- [TASK ITEM]: Scan the listing below. Report each line that includes "Crystal".

(Beginning of EXERCISE INPUT)

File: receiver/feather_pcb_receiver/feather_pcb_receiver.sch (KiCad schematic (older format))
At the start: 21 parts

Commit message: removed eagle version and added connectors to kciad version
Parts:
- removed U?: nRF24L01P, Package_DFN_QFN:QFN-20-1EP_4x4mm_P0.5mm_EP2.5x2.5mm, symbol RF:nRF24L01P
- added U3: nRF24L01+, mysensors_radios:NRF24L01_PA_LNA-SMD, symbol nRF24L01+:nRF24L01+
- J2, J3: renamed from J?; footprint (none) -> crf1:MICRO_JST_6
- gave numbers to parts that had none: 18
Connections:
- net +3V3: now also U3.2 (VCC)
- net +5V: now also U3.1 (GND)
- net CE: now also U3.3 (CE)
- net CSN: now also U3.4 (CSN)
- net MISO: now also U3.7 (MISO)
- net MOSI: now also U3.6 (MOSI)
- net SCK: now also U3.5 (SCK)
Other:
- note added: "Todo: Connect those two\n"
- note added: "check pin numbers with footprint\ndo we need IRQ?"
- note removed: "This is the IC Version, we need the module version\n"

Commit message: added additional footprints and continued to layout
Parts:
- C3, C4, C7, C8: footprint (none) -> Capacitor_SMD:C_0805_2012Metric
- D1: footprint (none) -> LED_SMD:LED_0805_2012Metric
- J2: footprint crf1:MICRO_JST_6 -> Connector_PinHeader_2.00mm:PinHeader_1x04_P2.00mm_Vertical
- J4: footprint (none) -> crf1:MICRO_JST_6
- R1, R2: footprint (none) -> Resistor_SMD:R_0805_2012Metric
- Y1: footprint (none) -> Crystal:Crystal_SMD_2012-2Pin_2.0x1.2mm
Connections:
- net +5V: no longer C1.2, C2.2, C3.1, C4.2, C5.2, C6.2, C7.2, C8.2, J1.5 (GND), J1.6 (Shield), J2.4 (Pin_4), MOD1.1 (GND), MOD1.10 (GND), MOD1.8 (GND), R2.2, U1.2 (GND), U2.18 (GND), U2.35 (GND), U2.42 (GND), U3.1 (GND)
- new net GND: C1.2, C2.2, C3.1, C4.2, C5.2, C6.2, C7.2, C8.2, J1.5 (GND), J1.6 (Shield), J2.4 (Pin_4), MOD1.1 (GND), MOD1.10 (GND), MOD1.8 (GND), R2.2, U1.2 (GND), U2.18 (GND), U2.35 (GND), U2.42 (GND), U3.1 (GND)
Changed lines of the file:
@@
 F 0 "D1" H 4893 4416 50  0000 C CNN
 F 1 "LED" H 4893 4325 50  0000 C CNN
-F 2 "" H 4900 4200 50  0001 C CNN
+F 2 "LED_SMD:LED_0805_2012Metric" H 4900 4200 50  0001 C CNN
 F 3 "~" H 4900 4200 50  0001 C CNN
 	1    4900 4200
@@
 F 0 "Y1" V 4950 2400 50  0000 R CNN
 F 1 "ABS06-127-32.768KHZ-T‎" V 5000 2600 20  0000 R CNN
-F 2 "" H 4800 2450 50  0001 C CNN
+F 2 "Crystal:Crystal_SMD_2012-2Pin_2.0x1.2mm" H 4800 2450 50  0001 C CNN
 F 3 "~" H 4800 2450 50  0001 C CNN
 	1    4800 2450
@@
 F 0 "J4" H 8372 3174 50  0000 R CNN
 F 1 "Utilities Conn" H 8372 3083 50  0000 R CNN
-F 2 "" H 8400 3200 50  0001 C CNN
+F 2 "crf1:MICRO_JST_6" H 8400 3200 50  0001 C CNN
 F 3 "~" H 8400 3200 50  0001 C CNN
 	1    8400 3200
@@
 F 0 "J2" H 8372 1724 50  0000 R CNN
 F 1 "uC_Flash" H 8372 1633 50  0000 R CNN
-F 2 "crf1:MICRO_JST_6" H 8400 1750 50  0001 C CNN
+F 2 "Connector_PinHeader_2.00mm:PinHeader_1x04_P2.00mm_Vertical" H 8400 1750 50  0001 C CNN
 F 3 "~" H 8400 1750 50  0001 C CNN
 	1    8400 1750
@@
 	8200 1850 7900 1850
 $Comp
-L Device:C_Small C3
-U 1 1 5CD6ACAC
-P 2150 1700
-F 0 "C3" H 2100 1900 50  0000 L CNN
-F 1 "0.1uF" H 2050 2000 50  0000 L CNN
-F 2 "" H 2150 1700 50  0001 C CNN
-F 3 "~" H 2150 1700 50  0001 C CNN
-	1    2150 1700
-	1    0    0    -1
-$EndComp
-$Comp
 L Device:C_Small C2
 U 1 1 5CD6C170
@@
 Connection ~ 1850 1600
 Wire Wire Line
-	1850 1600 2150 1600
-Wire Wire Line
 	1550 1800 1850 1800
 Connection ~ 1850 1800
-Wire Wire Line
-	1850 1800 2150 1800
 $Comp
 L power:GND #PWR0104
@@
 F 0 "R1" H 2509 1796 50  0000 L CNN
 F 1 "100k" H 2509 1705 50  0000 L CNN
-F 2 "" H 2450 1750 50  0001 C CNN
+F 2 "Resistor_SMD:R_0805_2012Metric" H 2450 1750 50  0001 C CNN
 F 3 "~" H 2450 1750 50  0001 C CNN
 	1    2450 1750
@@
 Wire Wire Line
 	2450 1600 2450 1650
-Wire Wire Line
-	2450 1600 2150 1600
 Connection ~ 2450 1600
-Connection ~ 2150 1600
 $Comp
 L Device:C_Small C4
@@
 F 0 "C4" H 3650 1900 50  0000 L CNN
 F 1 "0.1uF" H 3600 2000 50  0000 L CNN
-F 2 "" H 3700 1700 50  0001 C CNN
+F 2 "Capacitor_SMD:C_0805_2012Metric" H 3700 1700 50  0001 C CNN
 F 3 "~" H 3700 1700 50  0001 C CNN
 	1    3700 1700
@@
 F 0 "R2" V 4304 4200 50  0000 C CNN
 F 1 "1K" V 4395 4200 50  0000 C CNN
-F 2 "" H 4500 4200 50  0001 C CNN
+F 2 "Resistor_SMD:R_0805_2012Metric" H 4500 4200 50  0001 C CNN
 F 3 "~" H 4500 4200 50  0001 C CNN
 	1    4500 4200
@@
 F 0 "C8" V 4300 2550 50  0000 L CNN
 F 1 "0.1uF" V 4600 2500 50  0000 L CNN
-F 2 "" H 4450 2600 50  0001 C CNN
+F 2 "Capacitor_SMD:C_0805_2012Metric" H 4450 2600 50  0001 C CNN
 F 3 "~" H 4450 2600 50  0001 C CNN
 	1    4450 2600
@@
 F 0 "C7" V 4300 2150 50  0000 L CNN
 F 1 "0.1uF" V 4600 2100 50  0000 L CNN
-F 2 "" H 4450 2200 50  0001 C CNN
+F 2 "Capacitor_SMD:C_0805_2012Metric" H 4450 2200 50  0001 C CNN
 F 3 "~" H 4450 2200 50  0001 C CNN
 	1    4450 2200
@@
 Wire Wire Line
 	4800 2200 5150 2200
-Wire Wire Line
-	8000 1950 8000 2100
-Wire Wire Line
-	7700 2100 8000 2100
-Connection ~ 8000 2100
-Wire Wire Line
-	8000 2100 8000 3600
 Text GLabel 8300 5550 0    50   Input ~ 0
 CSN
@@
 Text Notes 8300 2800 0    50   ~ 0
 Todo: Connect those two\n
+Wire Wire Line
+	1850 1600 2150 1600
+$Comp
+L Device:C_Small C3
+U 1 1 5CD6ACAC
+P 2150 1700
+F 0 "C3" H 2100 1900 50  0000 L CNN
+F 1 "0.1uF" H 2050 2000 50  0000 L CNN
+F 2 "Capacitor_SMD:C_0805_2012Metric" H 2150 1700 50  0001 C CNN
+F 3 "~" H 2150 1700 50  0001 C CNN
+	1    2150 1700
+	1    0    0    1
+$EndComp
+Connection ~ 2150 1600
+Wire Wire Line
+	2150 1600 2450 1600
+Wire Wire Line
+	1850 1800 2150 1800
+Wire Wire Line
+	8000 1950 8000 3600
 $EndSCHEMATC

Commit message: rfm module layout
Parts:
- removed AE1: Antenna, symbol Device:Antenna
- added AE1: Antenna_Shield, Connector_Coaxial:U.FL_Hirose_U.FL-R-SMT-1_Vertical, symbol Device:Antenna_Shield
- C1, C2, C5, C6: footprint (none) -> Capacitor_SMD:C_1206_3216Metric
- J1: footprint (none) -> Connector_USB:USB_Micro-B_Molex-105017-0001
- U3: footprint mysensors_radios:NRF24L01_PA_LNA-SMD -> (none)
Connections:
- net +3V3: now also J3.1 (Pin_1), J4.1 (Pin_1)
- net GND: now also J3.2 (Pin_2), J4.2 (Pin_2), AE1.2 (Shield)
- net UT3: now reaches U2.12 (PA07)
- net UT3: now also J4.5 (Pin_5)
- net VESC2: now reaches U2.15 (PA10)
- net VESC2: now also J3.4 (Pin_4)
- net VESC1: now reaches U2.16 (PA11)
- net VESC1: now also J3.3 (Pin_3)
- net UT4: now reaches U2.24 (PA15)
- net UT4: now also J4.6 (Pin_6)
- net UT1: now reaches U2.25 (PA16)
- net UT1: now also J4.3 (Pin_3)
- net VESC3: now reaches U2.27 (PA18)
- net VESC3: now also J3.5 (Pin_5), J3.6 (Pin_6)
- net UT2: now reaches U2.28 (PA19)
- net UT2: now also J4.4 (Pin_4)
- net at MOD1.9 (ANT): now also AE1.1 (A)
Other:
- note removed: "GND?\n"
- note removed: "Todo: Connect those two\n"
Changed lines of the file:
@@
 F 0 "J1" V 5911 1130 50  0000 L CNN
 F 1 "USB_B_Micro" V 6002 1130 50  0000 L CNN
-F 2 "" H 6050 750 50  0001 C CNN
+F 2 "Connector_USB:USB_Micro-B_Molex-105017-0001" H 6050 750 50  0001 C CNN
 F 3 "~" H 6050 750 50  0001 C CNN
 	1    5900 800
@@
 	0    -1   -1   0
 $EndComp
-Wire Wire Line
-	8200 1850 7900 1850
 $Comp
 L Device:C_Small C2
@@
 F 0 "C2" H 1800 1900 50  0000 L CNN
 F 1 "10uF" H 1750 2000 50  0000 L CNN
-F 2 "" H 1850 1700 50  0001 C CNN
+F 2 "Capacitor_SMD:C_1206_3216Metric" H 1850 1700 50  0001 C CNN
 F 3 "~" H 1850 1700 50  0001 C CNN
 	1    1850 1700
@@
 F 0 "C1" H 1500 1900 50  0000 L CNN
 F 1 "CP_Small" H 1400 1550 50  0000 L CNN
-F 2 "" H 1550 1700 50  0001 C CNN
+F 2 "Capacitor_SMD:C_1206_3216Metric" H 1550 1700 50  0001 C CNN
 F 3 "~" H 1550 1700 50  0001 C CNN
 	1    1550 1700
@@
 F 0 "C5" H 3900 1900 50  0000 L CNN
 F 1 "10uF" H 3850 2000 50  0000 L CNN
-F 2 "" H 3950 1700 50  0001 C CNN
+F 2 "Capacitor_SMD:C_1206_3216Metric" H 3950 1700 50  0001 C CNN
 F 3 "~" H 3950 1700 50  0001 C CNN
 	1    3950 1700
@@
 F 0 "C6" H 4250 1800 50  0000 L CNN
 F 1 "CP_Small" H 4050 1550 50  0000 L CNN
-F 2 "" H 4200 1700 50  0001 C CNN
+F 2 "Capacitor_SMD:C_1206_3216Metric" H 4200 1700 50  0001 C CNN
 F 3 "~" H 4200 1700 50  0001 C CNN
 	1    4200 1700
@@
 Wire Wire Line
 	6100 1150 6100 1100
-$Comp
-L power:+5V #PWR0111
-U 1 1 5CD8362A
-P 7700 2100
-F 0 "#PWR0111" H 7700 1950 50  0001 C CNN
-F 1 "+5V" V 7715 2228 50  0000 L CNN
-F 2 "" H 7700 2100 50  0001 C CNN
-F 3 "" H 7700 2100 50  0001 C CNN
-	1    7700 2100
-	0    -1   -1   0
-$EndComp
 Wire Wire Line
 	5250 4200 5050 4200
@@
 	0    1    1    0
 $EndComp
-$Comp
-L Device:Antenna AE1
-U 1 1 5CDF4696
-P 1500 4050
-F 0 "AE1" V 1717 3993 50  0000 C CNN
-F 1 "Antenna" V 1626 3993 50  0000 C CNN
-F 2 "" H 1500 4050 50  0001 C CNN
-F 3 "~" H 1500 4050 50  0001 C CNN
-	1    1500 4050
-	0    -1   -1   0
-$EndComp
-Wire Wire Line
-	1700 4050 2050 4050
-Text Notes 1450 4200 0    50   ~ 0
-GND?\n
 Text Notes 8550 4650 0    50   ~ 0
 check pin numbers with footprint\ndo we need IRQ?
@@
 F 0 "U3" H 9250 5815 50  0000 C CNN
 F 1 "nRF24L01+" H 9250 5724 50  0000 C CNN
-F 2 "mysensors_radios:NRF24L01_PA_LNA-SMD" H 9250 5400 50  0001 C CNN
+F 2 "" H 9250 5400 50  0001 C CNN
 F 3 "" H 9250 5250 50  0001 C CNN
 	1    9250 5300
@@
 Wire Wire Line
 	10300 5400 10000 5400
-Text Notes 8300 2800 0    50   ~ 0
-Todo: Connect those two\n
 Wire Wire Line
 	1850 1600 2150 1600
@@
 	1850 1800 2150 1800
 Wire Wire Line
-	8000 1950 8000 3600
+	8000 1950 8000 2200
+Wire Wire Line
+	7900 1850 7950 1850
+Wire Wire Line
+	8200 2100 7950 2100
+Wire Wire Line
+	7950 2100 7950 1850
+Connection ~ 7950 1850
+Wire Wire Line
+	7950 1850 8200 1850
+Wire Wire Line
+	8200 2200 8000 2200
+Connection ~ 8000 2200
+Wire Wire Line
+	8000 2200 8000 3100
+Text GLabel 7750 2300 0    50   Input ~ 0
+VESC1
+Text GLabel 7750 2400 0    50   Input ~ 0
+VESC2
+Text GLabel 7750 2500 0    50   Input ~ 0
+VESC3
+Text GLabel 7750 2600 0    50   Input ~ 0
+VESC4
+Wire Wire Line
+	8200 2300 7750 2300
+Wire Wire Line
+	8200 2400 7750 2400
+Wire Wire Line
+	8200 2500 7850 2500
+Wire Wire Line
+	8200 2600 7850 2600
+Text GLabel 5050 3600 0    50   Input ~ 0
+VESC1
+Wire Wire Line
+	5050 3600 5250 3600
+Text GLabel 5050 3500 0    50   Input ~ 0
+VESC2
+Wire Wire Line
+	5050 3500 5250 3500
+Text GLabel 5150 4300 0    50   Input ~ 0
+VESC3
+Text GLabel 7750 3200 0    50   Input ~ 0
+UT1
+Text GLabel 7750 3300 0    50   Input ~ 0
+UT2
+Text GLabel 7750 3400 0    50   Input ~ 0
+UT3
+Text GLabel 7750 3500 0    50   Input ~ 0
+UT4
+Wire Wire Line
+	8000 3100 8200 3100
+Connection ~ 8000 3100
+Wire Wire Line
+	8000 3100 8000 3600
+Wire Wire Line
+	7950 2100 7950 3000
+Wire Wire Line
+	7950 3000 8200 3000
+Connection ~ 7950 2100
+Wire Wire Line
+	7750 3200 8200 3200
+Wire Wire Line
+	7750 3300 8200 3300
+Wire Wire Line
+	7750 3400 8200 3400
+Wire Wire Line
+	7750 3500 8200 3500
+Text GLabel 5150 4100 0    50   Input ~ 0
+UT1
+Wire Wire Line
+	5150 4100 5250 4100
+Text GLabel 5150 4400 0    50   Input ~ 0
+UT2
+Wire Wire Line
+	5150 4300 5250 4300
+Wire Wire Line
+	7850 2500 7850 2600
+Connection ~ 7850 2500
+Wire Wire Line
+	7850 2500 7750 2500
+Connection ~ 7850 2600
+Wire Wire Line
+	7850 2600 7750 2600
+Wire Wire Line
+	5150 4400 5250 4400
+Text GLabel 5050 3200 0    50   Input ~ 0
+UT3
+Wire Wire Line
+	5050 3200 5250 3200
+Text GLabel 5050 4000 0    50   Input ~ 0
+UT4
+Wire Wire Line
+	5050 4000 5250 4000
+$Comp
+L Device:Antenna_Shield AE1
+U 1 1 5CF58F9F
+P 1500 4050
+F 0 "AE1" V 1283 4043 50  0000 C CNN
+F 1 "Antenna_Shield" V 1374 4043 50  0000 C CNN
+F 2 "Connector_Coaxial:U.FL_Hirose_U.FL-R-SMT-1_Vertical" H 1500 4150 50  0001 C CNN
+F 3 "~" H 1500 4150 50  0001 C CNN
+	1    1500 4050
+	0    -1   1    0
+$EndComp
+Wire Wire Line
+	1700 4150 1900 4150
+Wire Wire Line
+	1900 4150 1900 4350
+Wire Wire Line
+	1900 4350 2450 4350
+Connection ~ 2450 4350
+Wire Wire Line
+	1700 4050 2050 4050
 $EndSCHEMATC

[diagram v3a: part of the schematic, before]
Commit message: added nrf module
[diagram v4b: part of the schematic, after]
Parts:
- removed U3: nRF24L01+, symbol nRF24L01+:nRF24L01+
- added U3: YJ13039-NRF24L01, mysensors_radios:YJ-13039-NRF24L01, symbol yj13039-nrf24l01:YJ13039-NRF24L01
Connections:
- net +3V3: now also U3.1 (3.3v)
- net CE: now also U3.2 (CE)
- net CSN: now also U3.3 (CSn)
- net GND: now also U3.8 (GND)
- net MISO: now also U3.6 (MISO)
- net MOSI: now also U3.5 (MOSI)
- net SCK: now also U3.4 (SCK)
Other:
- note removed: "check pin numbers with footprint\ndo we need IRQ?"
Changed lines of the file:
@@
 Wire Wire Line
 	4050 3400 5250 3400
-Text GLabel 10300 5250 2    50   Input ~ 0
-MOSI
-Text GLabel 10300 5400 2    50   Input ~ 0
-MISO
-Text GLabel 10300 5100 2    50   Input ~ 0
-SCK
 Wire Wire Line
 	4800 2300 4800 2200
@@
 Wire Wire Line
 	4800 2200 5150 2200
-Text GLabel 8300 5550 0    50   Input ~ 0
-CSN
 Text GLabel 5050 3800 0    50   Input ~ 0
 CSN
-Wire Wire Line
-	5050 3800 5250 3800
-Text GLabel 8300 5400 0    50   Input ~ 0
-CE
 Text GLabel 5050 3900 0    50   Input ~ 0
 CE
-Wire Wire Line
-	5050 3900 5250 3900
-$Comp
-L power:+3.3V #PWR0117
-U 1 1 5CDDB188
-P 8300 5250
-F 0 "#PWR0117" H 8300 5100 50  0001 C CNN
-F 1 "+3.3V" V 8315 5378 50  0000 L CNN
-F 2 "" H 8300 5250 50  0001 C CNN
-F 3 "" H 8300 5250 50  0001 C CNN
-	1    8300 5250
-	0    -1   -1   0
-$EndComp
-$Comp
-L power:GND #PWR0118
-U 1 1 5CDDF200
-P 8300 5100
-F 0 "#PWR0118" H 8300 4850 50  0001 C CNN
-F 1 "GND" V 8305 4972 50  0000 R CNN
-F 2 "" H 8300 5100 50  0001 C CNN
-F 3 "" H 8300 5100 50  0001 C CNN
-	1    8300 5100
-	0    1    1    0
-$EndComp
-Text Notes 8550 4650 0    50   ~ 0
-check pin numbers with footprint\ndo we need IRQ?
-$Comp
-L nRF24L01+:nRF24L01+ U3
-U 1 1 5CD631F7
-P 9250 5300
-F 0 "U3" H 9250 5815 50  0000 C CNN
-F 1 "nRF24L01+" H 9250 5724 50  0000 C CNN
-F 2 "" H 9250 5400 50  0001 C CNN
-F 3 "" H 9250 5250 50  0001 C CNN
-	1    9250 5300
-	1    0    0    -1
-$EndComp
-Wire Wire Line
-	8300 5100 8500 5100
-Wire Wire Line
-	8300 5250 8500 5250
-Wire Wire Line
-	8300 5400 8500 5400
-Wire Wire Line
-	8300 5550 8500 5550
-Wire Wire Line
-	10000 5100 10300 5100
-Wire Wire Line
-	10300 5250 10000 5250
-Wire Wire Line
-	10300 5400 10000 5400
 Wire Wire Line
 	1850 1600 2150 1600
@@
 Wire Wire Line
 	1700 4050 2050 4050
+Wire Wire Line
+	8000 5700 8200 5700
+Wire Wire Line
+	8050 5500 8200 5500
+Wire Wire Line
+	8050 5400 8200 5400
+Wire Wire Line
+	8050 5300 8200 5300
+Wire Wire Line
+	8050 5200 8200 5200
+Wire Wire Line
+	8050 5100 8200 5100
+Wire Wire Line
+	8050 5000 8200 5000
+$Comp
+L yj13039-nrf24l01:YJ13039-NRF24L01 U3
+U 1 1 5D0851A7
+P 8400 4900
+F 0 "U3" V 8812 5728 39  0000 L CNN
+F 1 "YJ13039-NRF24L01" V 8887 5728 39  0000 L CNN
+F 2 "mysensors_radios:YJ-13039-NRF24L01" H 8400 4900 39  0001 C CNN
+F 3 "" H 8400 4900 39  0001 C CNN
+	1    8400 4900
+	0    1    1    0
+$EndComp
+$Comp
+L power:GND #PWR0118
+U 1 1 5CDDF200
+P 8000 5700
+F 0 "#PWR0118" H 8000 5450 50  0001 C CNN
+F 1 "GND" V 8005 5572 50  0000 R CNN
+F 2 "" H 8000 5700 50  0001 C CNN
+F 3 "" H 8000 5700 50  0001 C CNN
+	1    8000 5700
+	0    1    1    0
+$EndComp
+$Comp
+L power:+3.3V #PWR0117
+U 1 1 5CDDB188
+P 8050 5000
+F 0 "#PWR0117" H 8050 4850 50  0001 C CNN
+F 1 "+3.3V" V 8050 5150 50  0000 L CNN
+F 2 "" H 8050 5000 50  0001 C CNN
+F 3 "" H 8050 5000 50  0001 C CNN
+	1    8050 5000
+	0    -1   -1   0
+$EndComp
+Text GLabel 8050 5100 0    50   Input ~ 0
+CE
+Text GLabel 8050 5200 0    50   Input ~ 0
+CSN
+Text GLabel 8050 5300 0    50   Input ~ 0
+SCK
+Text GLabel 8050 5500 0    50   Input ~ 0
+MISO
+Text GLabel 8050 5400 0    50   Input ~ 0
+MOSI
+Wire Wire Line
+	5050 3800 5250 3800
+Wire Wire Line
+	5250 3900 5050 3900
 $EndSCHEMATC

(End of EXERCISE INPUT)

- [SOLVED PROBLEM]:
- Y1: footprint (none) -> Crystal:Crystal_SMD_2012-2Pin_2.0x1.2mm
+F 2 "Crystal:Crystal_SMD_2012-2Pin_2.0x1.2mm" H 4800 2450 50  0001 C CNN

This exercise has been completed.